> _Required action_: Nothing but the lines from the start of the data through the line with "#45=LINE('',#44,#43);" should appear in the answer, each retyped exactly, and pictures should not.

> _Data for review_:

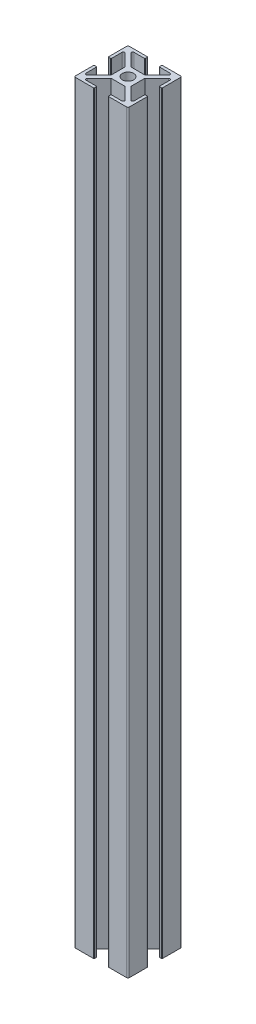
ISO-10303-21;
HEADER;
FILE_DESCRIPTION(('STEP AP214'),'2;1');
FILE_NAME('part.step','',(''),(''),'','','');
FILE_SCHEMA(('AUTOMOTIVE_DESIGN { 1 0 10303 214 1 1 1 1 }'));
ENDSEC;
DATA;
#1=APPLICATION_CONTEXT('core data for automotive mechanical design processes');
#2=APPLICATION_PROTOCOL_DEFINITION('international standard','automotive_design',2000,#1);
#3=PRODUCT_CONTEXT('',#1,'mechanical');
#4=PRODUCT('Part','Part','',(#3));
#5=PRODUCT_RELATED_PRODUCT_CATEGORY('part','',(#4));
#6=PRODUCT_DEFINITION_FORMATION('','',#4);
#7=PRODUCT_DEFINITION_CONTEXT('part definition',#1,'design');
#8=PRODUCT_DEFINITION('design','',#6,#7);
#9=PRODUCT_DEFINITION_SHAPE('','',#8);
#10=(LENGTH_UNIT() NAMED_UNIT(*) SI_UNIT(.MILLI.,.METRE.));
#11=(NAMED_UNIT(*) PLANE_ANGLE_UNIT() SI_UNIT($,.RADIAN.));
#12=(NAMED_UNIT(*) SI_UNIT($,.STERADIAN.) SOLID_ANGLE_UNIT());
#13=UNCERTAINTY_MEASURE_WITH_UNIT(LENGTH_MEASURE(1.E-05),#10,'distance_accuracy_value','');
#14=(GEOMETRIC_REPRESENTATION_CONTEXT(3) GLOBAL_UNCERTAINTY_ASSIGNED_CONTEXT((#13)) GLOBAL_UNIT_ASSIGNED_CONTEXT((#10,
#11,#12)) REPRESENTATION_CONTEXT('',''));
#15=CARTESIAN_POINT('',(0.,0.,0.));
#16=DIRECTION('',(0.,0.,1.));
#17=DIRECTION('',(1.,0.,0.));
#18=AXIS2_PLACEMENT_3D('',#15,#16,#17);
#19=CARTESIAN_POINT('',(0.,280.,-3.66));
#20=DIRECTION('',(0.,0.,-1.));
#21=DIRECTION('',(-1.,0.,0.));
#22=AXIS2_PLACEMENT_3D('',#19,#20,#21);
#23=PLANE('',#22);
#24=DIRECTION('',(1.,0.,0.));
#25=VECTOR('',#24,1.);
#26=CARTESIAN_POINT('',(0.,0.,-3.66));
#27=LINE('',#26,#25);
#28=CARTESIAN_POINT('',(-2.59933982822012,0.,-3.66));
#29=VERTEX_POINT('',#28);
#30=CARTESIAN_POINT('',(2.59933982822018,0.,-3.66));
#31=VERTEX_POINT('',#30);
#32=EDGE_CURVE('E669',#29,#31,#27,.T.);
#33=ORIENTED_EDGE('',*,*,#32,.F.);
#34=DIRECTION('',(0.,-1.,0.));
#35=VECTOR('',#34,1.);
#36=CARTESIAN_POINT('',(-2.59933982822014,280.,-3.66000000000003));
#37=LINE('',#36,#35);
#38=CARTESIAN_POINT('',(-2.59933982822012,280.,-3.66));
#39=VERTEX_POINT('',#38);
#40=EDGE_CURVE('E467',#39,#29,#37,.T.);
#41=ORIENTED_EDGE('',*,*,#40,.F.);
#42=DIRECTION('',(1.,0.,0.));
#43=VECTOR('',#42,1.);
#44=CARTESIAN_POINT('',(0.,280.,-3.66));
#45=LINE('',#44,#43);
#46=CARTESIAN_POINT('',(2.59933982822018,280.,-3.66));
#47=VERTEX_POINT('',#46);
#48=EDGE_CURVE('E455',#39,#47,#45,.T.);
#49=ORIENTED_EDGE('',*,*,#48,.T.);
#50=DIRECTION('',(0.,-1.,0.));
#51=VECTOR('',#50,1.);
#52=CARTESIAN_POINT('',(2.59933982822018,280.,-3.66));
#53=LINE('',#52,#51);
#54=EDGE_CURVE('E687',#47,#31,#53,.T.);
#55=ORIENTED_EDGE('',*,*,#54,.T.);
#56=EDGE_LOOP('',(#33,#41,#49,#55));
#57=FACE_BOUND('',#56,.T.);
#58=ADVANCED_FACE('F40',(#57),#23,.T.);
#59=CARTESIAN_POINT('',(-3.66,280.,0.));
#60=DIRECTION('',(-1.,0.,0.));
#61=DIRECTION('',(0.,0.,1.));
#62=AXIS2_PLACEMENT_3D('',#59,#60,#61);
#63=PLANE('',#62);
#64=DIRECTION('',(0.,0.,-1.));
#65=VECTOR('',#64,1.);
#66=CARTESIAN_POINT('',(-3.66,0.,0.));
#67=LINE('',#66,#65);
#68=CARTESIAN_POINT('',(-3.66000000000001,0.,2.59933982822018));
#69=VERTEX_POINT('',#68);
#70=CARTESIAN_POINT('',(-3.66,0.,-2.59933982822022));
#71=VERTEX_POINT('',#70);
#72=EDGE_CURVE('E671',#69,#71,#67,.T.);
#73=ORIENTED_EDGE('',*,*,#72,.F.);
#74=DIRECTION('',(0.,-1.,0.));
#75=VECTOR('',#74,1.);
#76=CARTESIAN_POINT('',(-3.66,280.,2.59933982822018));
#77=LINE('',#76,#75);
#78=CARTESIAN_POINT('',(-3.66000000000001,280.,2.59933982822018));
#79=VERTEX_POINT('',#78);
#80=EDGE_CURVE('E451',#79,#69,#77,.T.);
#81=ORIENTED_EDGE('',*,*,#80,.F.);
#82=DIRECTION('',(0.,0.,-1.));
#83=VECTOR('',#82,1.);
#84=CARTESIAN_POINT('',(-3.66,280.,0.));
#85=LINE('',#84,#83);
#86=CARTESIAN_POINT('',(-3.66,280.,-2.59933982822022));
#87=VERTEX_POINT('',#86);
#88=EDGE_CURVE('E444',#79,#87,#85,.T.);
#89=ORIENTED_EDGE('',*,*,#88,.T.);
#90=DIRECTION('',(0.,-1.,0.));
#91=VECTOR('',#90,1.);
#92=CARTESIAN_POINT('',(-3.65999999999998,280.,-2.59933982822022));
#93=LINE('',#92,#91);
#94=EDGE_CURVE('E448',#87,#71,#93,.T.);
#95=ORIENTED_EDGE('',*,*,#94,.T.);
#96=EDGE_LOOP('',(#73,#81,#89,#95));
#97=FACE_BOUND('',#96,.T.);
#98=ADVANCED_FACE('F447',(#97),#63,.T.);
#99=CARTESIAN_POINT('',(0.,280.,3.66));
#100=DIRECTION('',(0.,0.,-1.));
#101=DIRECTION('',(-1.,0.,0.));
#102=AXIS2_PLACEMENT_3D('',#99,#100,#101);
#103=PLANE('',#102);
#104=DIRECTION('',(0.,-1.,0.));
#105=VECTOR('',#104,1.);
#106=CARTESIAN_POINT('',(2.59933982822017,280.,3.66000000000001));
#107=LINE('',#106,#105);
#108=CARTESIAN_POINT('',(2.59933982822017,280.,3.66));
#109=VERTEX_POINT('',#108);
#110=CARTESIAN_POINT('',(2.59933982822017,0.,3.66));
#111=VERTEX_POINT('',#110);
#112=EDGE_CURVE('E589',#109,#111,#107,.T.);
#113=ORIENTED_EDGE('',*,*,#112,.F.);
#114=DIRECTION('',(1.,0.,0.));
#115=VECTOR('',#114,1.);
#116=CARTESIAN_POINT('',(0.,280.,3.66));
#117=LINE('',#116,#115);
#118=CARTESIAN_POINT('',(-2.59933982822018,280.,3.65999999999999));
#119=VERTEX_POINT('',#118);
#120=EDGE_CURVE('E454',#119,#109,#117,.T.);
#121=ORIENTED_EDGE('',*,*,#120,.F.);
#122=DIRECTION('',(0.,-1.,0.));
#123=VECTOR('',#122,1.);
#124=CARTESIAN_POINT('',(-2.59933982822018,280.,3.66));
#125=LINE('',#124,#123);
#126=CARTESIAN_POINT('',(-2.59933982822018,0.,3.66));
#127=VERTEX_POINT('',#126);
#128=EDGE_CURVE('E560',#119,#127,#125,.T.);
#129=ORIENTED_EDGE('',*,*,#128,.T.);
#130=DIRECTION('',(1.,0.,0.));
#131=VECTOR('',#130,1.);
#132=CARTESIAN_POINT('',(0.,0.,3.66));
#133=LINE('',#132,#131);
#134=EDGE_CURVE('E673',#127,#111,#133,.T.);
#135=ORIENTED_EDGE('',*,*,#134,.T.);
#136=EDGE_LOOP('',(#113,#121,#129,#135));
#137=FACE_BOUND('',#136,.T.);
#138=ADVANCED_FACE('F999',(#137),#103,.F.);
#139=CARTESIAN_POINT('',(10.,280.,0.));
#140=DIRECTION('',(1.,0.,0.));
#141=DIRECTION('',(0.,0.,-1.));
#142=AXIS2_PLACEMENT_3D('',#139,#140,#141);
#143=PLANE('',#142);
#144=DIRECTION('',(0.,0.,1.));
#145=VECTOR('',#144,1.);
#146=CARTESIAN_POINT('',(10.,280.,0.));
#147=LINE('',#146,#145);
#148=CARTESIAN_POINT('',(10.,280.,-9.50000000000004));
#149=VERTEX_POINT('',#148);
#150=CARTESIAN_POINT('',(10.,280.,-2.88));
#151=VERTEX_POINT('',#150);
#152=EDGE_CURVE('E621',#149,#151,#147,.T.);
#153=ORIENTED_EDGE('',*,*,#152,.T.);
#154=DIRECTION('',(0.,-1.,0.));
#155=VECTOR('',#154,1.);
#156=CARTESIAN_POINT('',(10.,0.,-2.88));
#157=LINE('',#156,#155);
#158=CARTESIAN_POINT('',(10.,0.,-2.88));
#159=VERTEX_POINT('',#158);
#160=EDGE_CURVE('E750',#151,#159,#157,.T.);
#161=ORIENTED_EDGE('',*,*,#160,.T.);
#162=DIRECTION('',(0.,0.,1.));
#163=VECTOR('',#162,1.);
#164=CARTESIAN_POINT('',(10.,0.,0.));
#165=LINE('',#164,#163);
#166=CARTESIAN_POINT('',(10.,0.,-9.50000000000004));
#167=VERTEX_POINT('',#166);
#168=EDGE_CURVE('E654',#167,#159,#165,.T.);
#169=ORIENTED_EDGE('',*,*,#168,.F.);
#170=DIRECTION('',(0.,-1.,0.));
#171=VECTOR('',#170,1.);
#172=CARTESIAN_POINT('',(10.,280.,-9.50000000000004));
#173=LINE('',#172,#171);
#174=EDGE_CURVE('E705',#167,#149,#173,.F.);
#175=ORIENTED_EDGE('',*,*,#174,.T.);
#176=EDGE_LOOP('',(#153,#161,#169,#175));
#177=FACE_BOUND('',#176,.T.);
#178=ADVANCED_FACE('F1019',(#177),#143,.T.);
#179=CARTESIAN_POINT('',(0.,280.,-10.));
#180=DIRECTION('',(0.,0.,1.));
#181=DIRECTION('',(1.,0.,0.));
#182=AXIS2_PLACEMENT_3D('',#179,#180,#181);
#183=PLANE('',#182);
#184=DIRECTION('',(-1.,0.,0.));
#185=VECTOR('',#184,1.);
#186=CARTESIAN_POINT('',(0.,0.,-10.));
#187=LINE('',#186,#185);
#188=CARTESIAN_POINT('',(9.50000000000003,0.,-10.));
#189=VERTEX_POINT('',#188);
#190=CARTESIAN_POINT('',(2.88,0.,-10.));
#191=VERTEX_POINT('',#190);
#192=EDGE_CURVE('E657',#189,#191,#187,.T.);
#193=ORIENTED_EDGE('',*,*,#192,.T.);
#194=DIRECTION('',(0.,-1.,0.));
#195=VECTOR('',#194,1.);
#196=CARTESIAN_POINT('',(2.88,280.,-10.));
#197=LINE('',#196,#195);
#198=CARTESIAN_POINT('',(2.88,280.,-10.));
#199=VERTEX_POINT('',#198);
#200=EDGE_CURVE('E730',#191,#199,#197,.F.);
#201=ORIENTED_EDGE('',*,*,#200,.T.);
#202=DIRECTION('',(-1.,0.,0.));
#203=VECTOR('',#202,1.);
#204=CARTESIAN_POINT('',(0.,280.,-10.));
#205=LINE('',#204,#203);
#206=CARTESIAN_POINT('',(9.50000000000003,280.,-10.));
#207=VERTEX_POINT('',#206);
#208=EDGE_CURVE('E625',#207,#199,#205,.T.);
#209=ORIENTED_EDGE('',*,*,#208,.F.);
#210=DIRECTION('',(0.,-1.,0.));
#211=VECTOR('',#210,1.);
#212=CARTESIAN_POINT('',(9.50000000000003,0.,-10.));
#213=LINE('',#212,#211);
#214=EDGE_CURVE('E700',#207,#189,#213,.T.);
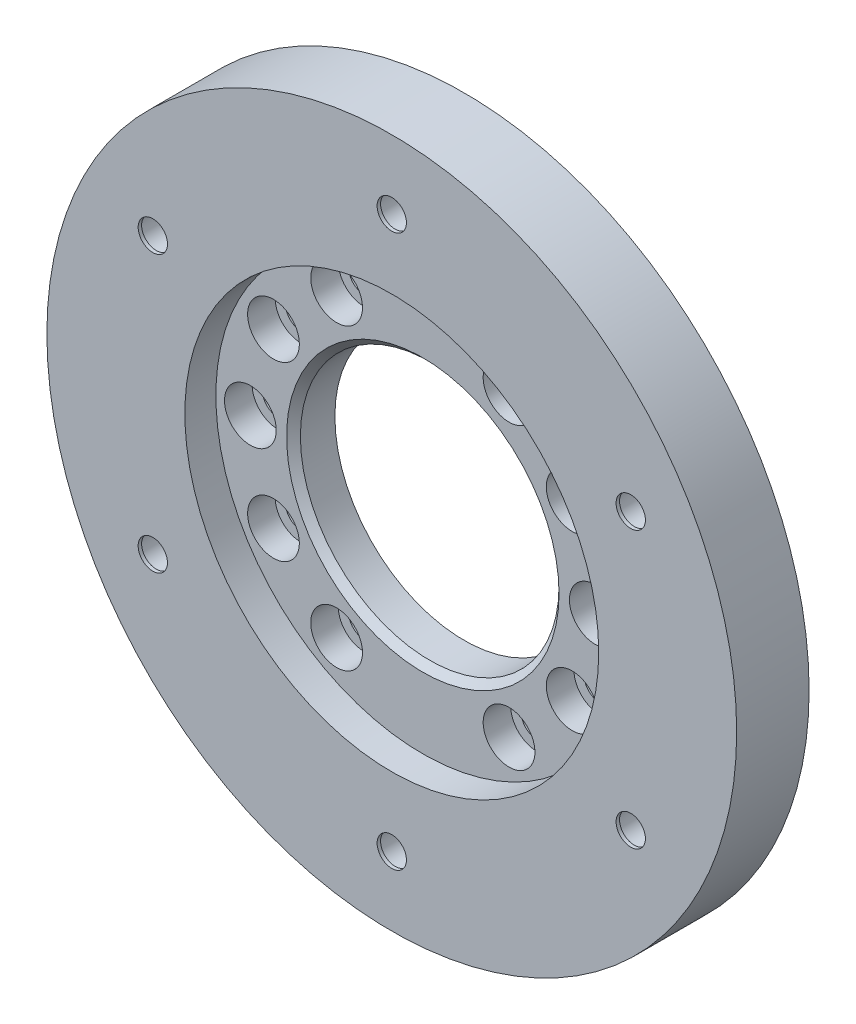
from build123d import *

# Parameters (mm, degrees)
ESQUISSE1_R                                        = 100
EXTRUSION1_DEPTH                                   = 21
R_P_TITION_CIRCULAIRE5_COUNT                       = 6
ESQUISSE13_R                                       = 60
EXTRUSION3_DEPTH                                   = 9
CHAMBRAGE_POUR_VIS_T_TE_HEXAGONALE_M81_D           = 9
CHAMBRAGE_POUR_VIS_T_TE_HEXAGONALE_M81_CBORE_D     = 15
CHAMBRAGE_POUR_VIS_T_TE_HEXAGONALE_M81_CBORE_DEPTH = 8
R_P_TITION_CIRCULAIRE6_COUNT                       = 3
R_P_TITION_CIRCULAIRE6_ANGLE                       = 60
R_P_TITION_CIRCULAIRE7_COUNT                       = 3
R_P_TITION_CIRCULAIRE7_ANGLE                       = 60
CHAMBRAGE_POUR_VIS_T_TE_HEXAGONALE_M82_D           = 9
CHAMBRAGE_POUR_VIS_T_TE_HEXAGONALE_M82_CBORE_D     = 15
CHAMBRAGE_POUR_VIS_T_TE_HEXAGONALE_M82_CBORE_DEPTH = 8
R_P_TITION_CIRCULAIRE8_COUNT                       = 3
R_P_TITION_CIRCULAIRE8_ANGLE                       = 60
R_P_TITION_CIRCULAIRE9_COUNT                       = 3
R_P_TITION_CIRCULAIRE9_ANGLE                       = 60
EXTRUSION4_REACH                                   = 143.93
ESQUISSE19_R                                       = 37.5
CHANFREIN1_SIZE                                    = 2


with BuildPart() as part:
    # Esquisse1 → Extrusion1 (new body)
    with BuildSketch(Plane.XY):
        with Locations(Location((0, 0, 0), (0, 0, 180))):
            Circle(ESQUISSE1_R)
    extrude(amount=EXTRUSION1_DEPTH)

    # Esquisse9 → Trou taraud_ M101 (revolve, cut)
    with BuildSketch(Plane(origin=(0, 80, 0), x_dir=(0, 1, 0), z_dir=(1, 0, 0))):
        Polygon((0, 0), (0, 27.053657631), (4.25, 24.5), (4.25, 20), (5, 20), (5, 0), align=None)
    trou_taraud_m101 = revolve(axis=Axis((0, 80, -6.35), (0, 0, 1)), mode=Mode.SUBTRACT)

    # R_p_tition circulaire5: Trou taraud_ M101 ×6 about axis
    r_p_tition_circulaire5_axis = Axis((0, 0, 0), (0, 0, 1))
    for i in range(1, R_P_TITION_CIRCULAIRE5_COUNT):
        add(trou_taraud_m101.rotate(r_p_tition_circulaire5_axis, i * 360 / R_P_TITION_CIRCULAIRE5_COUNT), mode=Mode.SUBTRACT)

    # Esquisse13 → Extrusion3 (cut)
    with BuildSketch(Plane.XY.offset(21)):
        Circle(ESQUISSE13_R)
    extrude(amount=-EXTRUSION3_DEPTH, mode=Mode.SUBTRACT)

    # Chambrage pour vis _ t_te hexagonale M81 (through all)
    with Locations(Plane(origin=(-50, 0, 12), x_dir=(1, 0, 0), z_dir=(0, 0, 1))):
        with Locations((0, 0)):
            chambrage_pour_vis_t_te_hexagonale_m81 = CounterBoreHole(CHAMBRAGE_POUR_VIS_T_TE_HEXAGONALE_M81_D / 2, CHAMBRAGE_POUR_VIS_T_TE_HEXAGONALE_M81_CBORE_D / 2, CHAMBRAGE_POUR_VIS_T_TE_HEXAGONALE_M81_CBORE_DEPTH)

    # R_p_tition circulaire6: Chambrage pour vis _ t_te hexagonale M81 ×3 about axis
    r_p_tition_circulaire6_axis = Axis((0, 0, 0), (0, 0, -1))
    for i in range(1, R_P_TITION_CIRCULAIRE6_COUNT):
        add(chambrage_pour_vis_t_te_hexagonale_m81.rotate(r_p_tition_circulaire6_axis, i * R_P_TITION_CIRCULAIRE6_ANGLE / (R_P_TITION_CIRCULAIRE6_COUNT - 1)), mode=Mode.SUBTRACT)

    # R_p_tition circulaire7: Chambrage pour vis _ t_te hexagonale M81 ×3 about axis
    r_p_tition_circulaire7_axis = Axis((0, 0, 0), (0, 0, 1))
    for i in range(1, R_P_TITION_CIRCULAIRE7_COUNT):
        add(chambrage_pour_vis_t_te_hexagonale_m81.rotate(r_p_tition_circulaire7_axis, i * R_P_TITION_CIRCULAIRE7_ANGLE / (R_P_TITION_CIRCULAIRE7_COUNT - 1)), mode=Mode.SUBTRACT)

    # Chambrage pour vis _ t_te hexagonale M82 (through all)
    with Locations(Plane(origin=(50, 0, 12), x_dir=(1, 0, 0), z_dir=(0, 0, 1))):
        with Locations((0, 0)):
            chambrage_pour_vis_t_te_hexagonale_m82 = CounterBoreHole(CHAMBRAGE_POUR_VIS_T_TE_HEXAGONALE_M82_D / 2, CHAMBRAGE_POUR_VIS_T_TE_HEXAGONALE_M82_CBORE_D / 2, CHAMBRAGE_POUR_VIS_T_TE_HEXAGONALE_M82_CBORE_DEPTH)

    # R_p_tition circulaire8: Chambrage pour vis _ t_te hexagonale M82 ×3 about axis
    r_p_tition_circulaire8_axis = Axis((0, 0, 0), (0, 0, -1))
    for i in range(1, R_P_TITION_CIRCULAIRE8_COUNT):
        add(chambrage_pour_vis_t_te_hexagonale_m82.rotate(r_p_tition_circulaire8_axis, i * R_P_TITION_CIRCULAIRE8_ANGLE / (R_P_TITION_CIRCULAIRE8_COUNT - 1)), mode=Mode.SUBTRACT)

    # R_p_tition circulaire9: Chambrage pour vis _ t_te hexagonale M82 ×3 about axis
    r_p_tition_circulaire9_axis = Axis((0, 0, 0), (0, 0, 1))
    for i in range(1, R_P_TITION_CIRCULAIRE9_COUNT):
        add(chambrage_pour_vis_t_te_hexagonale_m82.rotate(r_p_tition_circulaire9_axis, i * R_P_TITION_CIRCULAIRE9_ANGLE / (R_P_TITION_CIRCULAIRE9_COUNT - 1)), mode=Mode.SUBTRACT)

    # Esquisse19 → Extrusion4 (cut, up to next)
    with BuildSketch(Plane.XY.offset(12), mode=Mode.PRIVATE) as extrusion4_sk1:
        Circle(ESQUISSE19_R)
    extrusion4_tool1 = extrude(extrusion4_sk1.sketch, amount=-EXTRUSION4_REACH, mode=Mode.PRIVATE) & part.part
    add(extrusion4_tool1.solids().sort_by_distance((0, 0, 12))[0], mode=Mode.SUBTRACT)

    # Chanfrein1
    chanfrein1_edges = [part.edges().sort_by_distance(p)[0] for p in [
        (-37.5, 0, 12),
    ]]
    chamfer(chanfrein1_edges, length=CHANFREIN1_SIZE)


solid = part.part

> _Exercise answer_:
ISO-10303-21;
HEADER;
FILE_DESCRIPTION(('STEP AP214'),'2;1');
FILE_NAME('part.step','',(''),(''),'','','');
FILE_SCHEMA(('AUTOMOTIVE_DESIGN { 1 0 10303 214 1 1 1 1 }'));
ENDSEC;
DATA;
#1=APPLICATION_CONTEXT('core data for automotive mechanical design processes');
#2=APPLICATION_PROTOCOL_DEFINITION('international standard','automotive_design',2000,#1);
#3=PRODUCT_CONTEXT('',#1,'mechanical');
#4=PRODUCT('Part','Part','',(#3));
#5=PRODUCT_RELATED_PRODUCT_CATEGORY('part','',(#4));
#6=PRODUCT_DEFINITION_FORMATION('','',#4);
#7=PRODUCT_DEFINITION_CONTEXT('part definition',#1,'design');
#8=PRODUCT_DEFINITION('design','',#6,#7);
#9=PRODUCT_DEFINITION_SHAPE('','',#8);
#10=(LENGTH_UNIT() NAMED_UNIT(*) SI_UNIT(.MILLI.,.METRE.));
#11=(NAMED_UNIT(*) PLANE_ANGLE_UNIT() SI_UNIT($,.RADIAN.));
#12=(NAMED_UNIT(*) SI_UNIT($,.STERADIAN.) SOLID_ANGLE_UNIT());
#13=UNCERTAINTY_MEASURE_WITH_UNIT(LENGTH_MEASURE(1.E-05),#10,'distance_accuracy_value','');
#14=(GEOMETRIC_REPRESENTATION_CONTEXT(3) GLOBAL_UNCERTAINTY_ASSIGNED_CONTEXT((#13)) GLOBAL_UNIT_ASSIGNED_CONTEXT((#10,
#11,#12)) REPRESENTATION_CONTEXT('',''));
#15=CARTESIAN_POINT('',(0.,0.,0.));
#16=DIRECTION('',(0.,0.,1.));
#17=DIRECTION('',(1.,0.,0.));
#18=AXIS2_PLACEMENT_3D('',#15,#16,#17);
#19=CARTESIAN_POINT('',(0.,280.,-3.66));
#20=DIRECTION('',(0.,0.,-1.));
#21=DIRECTION('',(-1.,0.,0.));
#22=AXIS2_PLACEMENT_3D('',#19,#20,#21);
#23=PLANE('',#22);
#24=DIRECTION('',(1.,0.,0.));
#25=VECTOR('',#24,1.);
#26=CARTESIAN_POINT('',(0.,0.,-3.66));
#27=LINE('',#26,#25);
#28=CARTESIAN_POINT('',(-2.59933982822012,0.,-3.66));
#29=VERTEX_POINT('',#28);
#30=CARTESIAN_POINT('',(2.59933982822018,0.,-3.66));
#31=VERTEX_POINT('',#30);
#32=EDGE_CURVE('E669',#29,#31,#27,.T.);
#33=ORIENTED_EDGE('',*,*,#32,.F.);
#34=DIRECTION('',(0.,-1.,0.));
#35=VECTOR('',#34,1.);
#36=CARTESIAN_POINT('',(-2.59933982822014,280.,-3.66000000000003));
#37=LINE('',#36,#35);
#38=CARTESIAN_POINT('',(-2.59933982822012,280.,-3.66));
#39=VERTEX_POINT('',#38);
#40=EDGE_CURVE('E467',#39,#29,#37,.T.);
#41=ORIENTED_EDGE('',*,*,#40,.F.);
#42=DIRECTION('',(1.,0.,0.));
#43=VECTOR('',#42,1.);
#44=CARTESIAN_POINT('',(0.,280.,-3.66));
#45=LINE('',#44,#43);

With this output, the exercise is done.